→ TASK GOAL
Everything from the line containing "arc A1 (82.5472, 11.4613)" through the line containing "arc A1 (104.3701, 12.1182)" in the listing below should be copied exactly, and nothing more.

------ PROVIDED RECORDS ------

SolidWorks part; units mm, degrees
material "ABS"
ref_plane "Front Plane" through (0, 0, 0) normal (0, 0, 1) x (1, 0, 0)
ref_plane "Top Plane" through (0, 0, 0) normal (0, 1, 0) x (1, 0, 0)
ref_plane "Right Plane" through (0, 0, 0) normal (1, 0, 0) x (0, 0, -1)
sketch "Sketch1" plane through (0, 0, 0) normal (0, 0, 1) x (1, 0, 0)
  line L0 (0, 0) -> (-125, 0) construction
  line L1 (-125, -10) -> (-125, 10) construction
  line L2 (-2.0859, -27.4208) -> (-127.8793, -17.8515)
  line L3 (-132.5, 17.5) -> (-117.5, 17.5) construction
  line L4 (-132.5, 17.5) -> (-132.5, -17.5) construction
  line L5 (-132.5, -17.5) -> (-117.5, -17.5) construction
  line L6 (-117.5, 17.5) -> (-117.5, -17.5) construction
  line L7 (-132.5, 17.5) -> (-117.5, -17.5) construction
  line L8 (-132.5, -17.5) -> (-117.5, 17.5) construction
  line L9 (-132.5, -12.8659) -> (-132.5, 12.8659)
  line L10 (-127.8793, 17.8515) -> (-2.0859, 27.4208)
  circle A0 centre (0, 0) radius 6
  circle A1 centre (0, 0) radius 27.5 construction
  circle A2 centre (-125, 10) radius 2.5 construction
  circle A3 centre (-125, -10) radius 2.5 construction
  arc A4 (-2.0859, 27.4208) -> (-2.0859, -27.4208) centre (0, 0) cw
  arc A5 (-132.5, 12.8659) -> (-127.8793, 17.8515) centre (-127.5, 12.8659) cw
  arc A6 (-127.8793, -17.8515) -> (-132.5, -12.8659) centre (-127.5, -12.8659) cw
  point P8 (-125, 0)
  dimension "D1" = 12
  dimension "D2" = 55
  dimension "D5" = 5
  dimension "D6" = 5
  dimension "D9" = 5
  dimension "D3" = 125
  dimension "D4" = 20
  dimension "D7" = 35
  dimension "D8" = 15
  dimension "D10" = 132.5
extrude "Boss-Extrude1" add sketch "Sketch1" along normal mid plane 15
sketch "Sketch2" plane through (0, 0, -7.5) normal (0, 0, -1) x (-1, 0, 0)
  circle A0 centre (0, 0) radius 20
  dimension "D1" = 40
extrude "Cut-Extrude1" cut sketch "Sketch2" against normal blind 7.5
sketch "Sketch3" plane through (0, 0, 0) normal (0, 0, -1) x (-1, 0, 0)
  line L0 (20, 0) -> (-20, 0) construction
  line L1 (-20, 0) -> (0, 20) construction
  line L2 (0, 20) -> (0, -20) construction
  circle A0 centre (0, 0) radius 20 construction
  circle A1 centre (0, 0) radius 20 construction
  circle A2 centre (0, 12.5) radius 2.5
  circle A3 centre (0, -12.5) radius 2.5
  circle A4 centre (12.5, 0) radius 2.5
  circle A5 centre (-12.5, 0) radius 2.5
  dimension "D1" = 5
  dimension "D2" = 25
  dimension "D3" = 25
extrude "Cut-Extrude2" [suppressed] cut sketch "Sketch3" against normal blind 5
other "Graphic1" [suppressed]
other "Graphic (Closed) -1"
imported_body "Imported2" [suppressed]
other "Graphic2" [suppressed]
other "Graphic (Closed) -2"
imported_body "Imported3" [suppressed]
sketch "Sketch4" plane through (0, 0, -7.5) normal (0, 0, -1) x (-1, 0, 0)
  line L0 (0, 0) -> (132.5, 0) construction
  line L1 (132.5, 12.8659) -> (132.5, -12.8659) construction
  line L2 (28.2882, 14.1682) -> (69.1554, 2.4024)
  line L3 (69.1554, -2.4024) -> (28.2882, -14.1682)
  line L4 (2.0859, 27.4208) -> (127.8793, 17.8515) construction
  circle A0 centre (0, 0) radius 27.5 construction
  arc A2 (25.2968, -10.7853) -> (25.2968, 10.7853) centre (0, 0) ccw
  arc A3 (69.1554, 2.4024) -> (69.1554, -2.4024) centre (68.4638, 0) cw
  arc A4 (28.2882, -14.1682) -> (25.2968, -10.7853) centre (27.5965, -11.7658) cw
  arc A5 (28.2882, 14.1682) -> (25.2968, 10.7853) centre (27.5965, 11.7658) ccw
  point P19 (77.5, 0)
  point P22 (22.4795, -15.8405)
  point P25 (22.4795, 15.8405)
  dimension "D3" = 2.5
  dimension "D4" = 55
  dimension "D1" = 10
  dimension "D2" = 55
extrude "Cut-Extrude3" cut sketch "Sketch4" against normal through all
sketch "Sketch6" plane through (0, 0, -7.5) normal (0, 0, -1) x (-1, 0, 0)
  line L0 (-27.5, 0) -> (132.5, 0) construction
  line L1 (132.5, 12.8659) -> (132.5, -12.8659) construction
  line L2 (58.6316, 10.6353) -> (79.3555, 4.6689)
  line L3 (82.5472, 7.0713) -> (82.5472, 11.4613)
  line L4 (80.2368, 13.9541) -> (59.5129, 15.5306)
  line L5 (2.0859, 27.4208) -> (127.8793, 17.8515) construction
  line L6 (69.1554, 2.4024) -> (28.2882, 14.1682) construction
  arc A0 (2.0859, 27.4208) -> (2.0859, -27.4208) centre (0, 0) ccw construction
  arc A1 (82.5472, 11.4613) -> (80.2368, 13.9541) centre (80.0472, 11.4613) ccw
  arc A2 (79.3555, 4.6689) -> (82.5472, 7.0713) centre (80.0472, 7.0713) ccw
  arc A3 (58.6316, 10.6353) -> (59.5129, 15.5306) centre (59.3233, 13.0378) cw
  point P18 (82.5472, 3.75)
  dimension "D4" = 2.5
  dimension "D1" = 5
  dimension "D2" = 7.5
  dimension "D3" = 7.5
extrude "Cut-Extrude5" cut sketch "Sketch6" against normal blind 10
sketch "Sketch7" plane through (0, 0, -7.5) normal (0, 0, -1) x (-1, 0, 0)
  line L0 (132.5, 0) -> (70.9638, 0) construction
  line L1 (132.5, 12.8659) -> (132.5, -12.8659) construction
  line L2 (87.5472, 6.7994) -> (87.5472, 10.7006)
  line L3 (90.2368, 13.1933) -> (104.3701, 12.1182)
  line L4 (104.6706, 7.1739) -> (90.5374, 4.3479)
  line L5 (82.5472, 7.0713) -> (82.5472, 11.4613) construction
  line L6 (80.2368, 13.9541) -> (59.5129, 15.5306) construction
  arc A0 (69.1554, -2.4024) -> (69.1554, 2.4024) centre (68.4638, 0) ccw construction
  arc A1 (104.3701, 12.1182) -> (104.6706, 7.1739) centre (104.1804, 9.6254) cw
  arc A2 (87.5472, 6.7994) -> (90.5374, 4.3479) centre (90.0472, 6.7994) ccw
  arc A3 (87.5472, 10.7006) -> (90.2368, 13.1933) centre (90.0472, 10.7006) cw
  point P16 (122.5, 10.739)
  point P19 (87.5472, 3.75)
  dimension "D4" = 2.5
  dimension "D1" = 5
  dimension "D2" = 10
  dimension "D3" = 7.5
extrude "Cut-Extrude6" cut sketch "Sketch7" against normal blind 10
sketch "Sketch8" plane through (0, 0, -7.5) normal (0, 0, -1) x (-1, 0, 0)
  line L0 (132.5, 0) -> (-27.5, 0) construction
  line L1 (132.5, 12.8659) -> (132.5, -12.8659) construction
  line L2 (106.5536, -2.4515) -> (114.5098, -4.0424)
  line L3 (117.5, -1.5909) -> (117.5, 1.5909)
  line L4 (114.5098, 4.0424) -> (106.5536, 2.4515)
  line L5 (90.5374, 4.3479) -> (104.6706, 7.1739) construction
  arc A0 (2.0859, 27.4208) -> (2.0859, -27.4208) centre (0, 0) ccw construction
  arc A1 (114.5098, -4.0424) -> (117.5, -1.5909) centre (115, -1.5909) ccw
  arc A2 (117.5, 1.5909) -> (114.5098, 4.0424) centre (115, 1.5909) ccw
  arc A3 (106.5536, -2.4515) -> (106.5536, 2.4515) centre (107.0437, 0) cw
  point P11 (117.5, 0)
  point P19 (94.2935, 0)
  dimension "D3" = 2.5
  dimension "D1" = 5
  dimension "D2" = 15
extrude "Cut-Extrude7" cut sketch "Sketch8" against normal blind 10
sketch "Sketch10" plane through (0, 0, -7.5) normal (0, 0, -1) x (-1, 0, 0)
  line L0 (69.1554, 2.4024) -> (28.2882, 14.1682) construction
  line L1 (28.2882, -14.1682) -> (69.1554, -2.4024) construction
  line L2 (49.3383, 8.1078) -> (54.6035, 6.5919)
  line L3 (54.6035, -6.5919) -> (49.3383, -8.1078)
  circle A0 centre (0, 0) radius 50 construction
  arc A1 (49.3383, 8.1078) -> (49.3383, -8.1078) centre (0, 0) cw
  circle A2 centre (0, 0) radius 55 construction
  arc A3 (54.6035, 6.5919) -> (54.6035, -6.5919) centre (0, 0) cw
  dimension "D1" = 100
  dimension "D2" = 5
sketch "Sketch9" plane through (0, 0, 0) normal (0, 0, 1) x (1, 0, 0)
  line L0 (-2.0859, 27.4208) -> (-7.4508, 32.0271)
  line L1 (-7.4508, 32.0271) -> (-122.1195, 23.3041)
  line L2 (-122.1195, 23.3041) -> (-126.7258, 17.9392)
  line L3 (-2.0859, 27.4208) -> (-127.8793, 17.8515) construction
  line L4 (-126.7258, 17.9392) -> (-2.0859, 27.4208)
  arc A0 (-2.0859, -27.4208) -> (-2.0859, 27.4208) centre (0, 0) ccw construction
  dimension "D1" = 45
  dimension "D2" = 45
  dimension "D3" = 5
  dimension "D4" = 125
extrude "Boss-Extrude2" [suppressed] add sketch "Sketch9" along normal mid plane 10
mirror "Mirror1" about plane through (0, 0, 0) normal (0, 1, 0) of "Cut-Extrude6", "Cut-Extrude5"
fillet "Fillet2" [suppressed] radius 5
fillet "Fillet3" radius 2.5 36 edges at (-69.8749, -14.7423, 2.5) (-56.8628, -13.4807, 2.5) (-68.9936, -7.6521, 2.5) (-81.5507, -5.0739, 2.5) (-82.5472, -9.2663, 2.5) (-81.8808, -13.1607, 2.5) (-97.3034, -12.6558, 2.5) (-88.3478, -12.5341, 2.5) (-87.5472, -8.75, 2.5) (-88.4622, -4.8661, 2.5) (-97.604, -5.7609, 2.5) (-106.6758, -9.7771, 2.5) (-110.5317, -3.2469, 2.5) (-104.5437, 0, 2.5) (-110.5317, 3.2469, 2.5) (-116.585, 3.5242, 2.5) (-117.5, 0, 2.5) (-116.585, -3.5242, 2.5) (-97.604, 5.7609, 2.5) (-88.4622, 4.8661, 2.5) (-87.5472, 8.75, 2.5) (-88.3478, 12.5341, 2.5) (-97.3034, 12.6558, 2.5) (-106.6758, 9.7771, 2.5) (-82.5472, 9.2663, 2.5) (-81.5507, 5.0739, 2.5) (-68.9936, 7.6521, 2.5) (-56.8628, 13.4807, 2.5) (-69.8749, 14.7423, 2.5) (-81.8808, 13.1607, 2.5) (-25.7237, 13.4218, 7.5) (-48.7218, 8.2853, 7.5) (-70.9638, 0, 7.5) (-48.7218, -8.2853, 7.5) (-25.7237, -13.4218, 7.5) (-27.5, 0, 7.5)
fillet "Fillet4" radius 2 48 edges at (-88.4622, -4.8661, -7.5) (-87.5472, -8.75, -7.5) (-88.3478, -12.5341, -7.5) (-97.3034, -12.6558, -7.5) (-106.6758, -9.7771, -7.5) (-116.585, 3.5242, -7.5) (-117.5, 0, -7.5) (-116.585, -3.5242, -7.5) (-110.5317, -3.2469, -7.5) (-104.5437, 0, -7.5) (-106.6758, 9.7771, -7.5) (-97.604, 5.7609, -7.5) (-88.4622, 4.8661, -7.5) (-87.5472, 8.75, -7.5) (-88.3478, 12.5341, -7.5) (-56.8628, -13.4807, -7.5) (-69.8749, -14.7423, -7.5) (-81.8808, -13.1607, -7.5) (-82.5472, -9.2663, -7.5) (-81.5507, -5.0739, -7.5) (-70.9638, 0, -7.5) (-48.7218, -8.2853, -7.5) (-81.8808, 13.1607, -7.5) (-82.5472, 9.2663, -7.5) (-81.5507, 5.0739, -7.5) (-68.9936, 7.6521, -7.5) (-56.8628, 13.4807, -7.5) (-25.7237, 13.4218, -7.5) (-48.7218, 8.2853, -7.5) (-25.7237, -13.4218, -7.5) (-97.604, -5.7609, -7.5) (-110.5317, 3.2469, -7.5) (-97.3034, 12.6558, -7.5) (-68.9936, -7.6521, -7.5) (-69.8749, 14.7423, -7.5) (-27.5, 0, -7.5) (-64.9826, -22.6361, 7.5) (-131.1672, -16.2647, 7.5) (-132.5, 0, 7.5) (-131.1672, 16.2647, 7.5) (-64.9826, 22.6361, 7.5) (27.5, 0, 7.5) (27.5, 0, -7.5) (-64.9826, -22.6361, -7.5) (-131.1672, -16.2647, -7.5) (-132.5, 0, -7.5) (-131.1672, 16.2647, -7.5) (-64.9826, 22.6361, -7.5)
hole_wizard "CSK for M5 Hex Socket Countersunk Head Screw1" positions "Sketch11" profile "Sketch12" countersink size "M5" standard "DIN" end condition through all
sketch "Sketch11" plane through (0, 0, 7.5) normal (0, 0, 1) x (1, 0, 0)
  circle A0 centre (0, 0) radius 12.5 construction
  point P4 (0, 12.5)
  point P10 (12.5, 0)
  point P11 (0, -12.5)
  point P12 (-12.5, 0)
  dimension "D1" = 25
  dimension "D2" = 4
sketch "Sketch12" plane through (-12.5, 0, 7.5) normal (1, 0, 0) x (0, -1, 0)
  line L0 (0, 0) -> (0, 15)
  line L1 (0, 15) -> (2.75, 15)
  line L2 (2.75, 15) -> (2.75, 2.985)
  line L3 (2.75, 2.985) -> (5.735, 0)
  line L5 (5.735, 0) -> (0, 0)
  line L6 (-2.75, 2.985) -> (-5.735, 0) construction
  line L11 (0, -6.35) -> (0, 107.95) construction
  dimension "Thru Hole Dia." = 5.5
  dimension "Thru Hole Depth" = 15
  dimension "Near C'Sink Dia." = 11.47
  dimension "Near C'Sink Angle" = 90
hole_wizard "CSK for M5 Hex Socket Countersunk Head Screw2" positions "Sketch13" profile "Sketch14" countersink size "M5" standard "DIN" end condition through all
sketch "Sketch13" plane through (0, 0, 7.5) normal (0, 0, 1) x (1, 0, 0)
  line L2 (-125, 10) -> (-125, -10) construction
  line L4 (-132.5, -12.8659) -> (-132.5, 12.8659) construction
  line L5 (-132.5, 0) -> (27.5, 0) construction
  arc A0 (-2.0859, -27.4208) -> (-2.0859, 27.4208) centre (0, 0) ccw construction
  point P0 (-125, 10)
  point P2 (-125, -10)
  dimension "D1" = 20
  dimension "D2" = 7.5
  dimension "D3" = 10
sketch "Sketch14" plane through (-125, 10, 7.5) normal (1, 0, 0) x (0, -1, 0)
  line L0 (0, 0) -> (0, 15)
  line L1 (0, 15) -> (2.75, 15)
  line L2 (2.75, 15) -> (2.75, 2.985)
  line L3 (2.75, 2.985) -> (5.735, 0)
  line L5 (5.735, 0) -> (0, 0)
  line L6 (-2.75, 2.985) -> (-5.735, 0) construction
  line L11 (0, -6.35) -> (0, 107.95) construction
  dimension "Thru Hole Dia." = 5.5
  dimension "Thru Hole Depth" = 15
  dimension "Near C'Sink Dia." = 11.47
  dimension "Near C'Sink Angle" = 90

------

→ COMPLETED TASK
  arc A1 (82.5472, 11.4613) -> (80.2368, 13.9541) centre (80.0472, 11.4613) ccw
  arc A2 (79.3555, 4.6689) -> (82.5472, 7.0713) centre (80.0472, 7.0713) ccw
  arc A3 (58.6316, 10.6353) -> (59.5129, 15.5306) centre (59.3233, 13.0378) cw
  point P18 (82.5472, 3.75)
  dimension "D4" = 2.5
  dimension "D1" = 5
  dimension "D2" = 7.5
  dimension "D3" = 7.5
extrude "Cut-Extrude5" cut sketch "Sketch6" against normal blind 10
sketch "Sketch7" plane through (0, 0, -7.5) normal (0, 0, -1) x (-1, 0, 0)
  line L0 (132.5, 0) -> (70.9638, 0) construction
  line L1 (132.5, 12.8659) -> (132.5, -12.8659) construction
  line L2 (87.5472, 6.7994) -> (87.5472, 10.7006)
  line L3 (90.2368, 13.1933) -> (104.3701, 12.1182)
  line L4 (104.6706, 7.1739) -> (90.5374, 4.3479)
  line L5 (82.5472, 7.0713) -> (82.5472, 11.4613) construction
  line L6 (80.2368, 13.9541) -> (59.5129, 15.5306) construction
  arc A0 (69.1554, -2.4024) -> (69.1554, 2.4024) centre (68.4638, 0) ccw construction
  arc A1 (104.3701, 12.1182) -> (104.6706, 7.1739) centre (104.1804, 9.6254) cw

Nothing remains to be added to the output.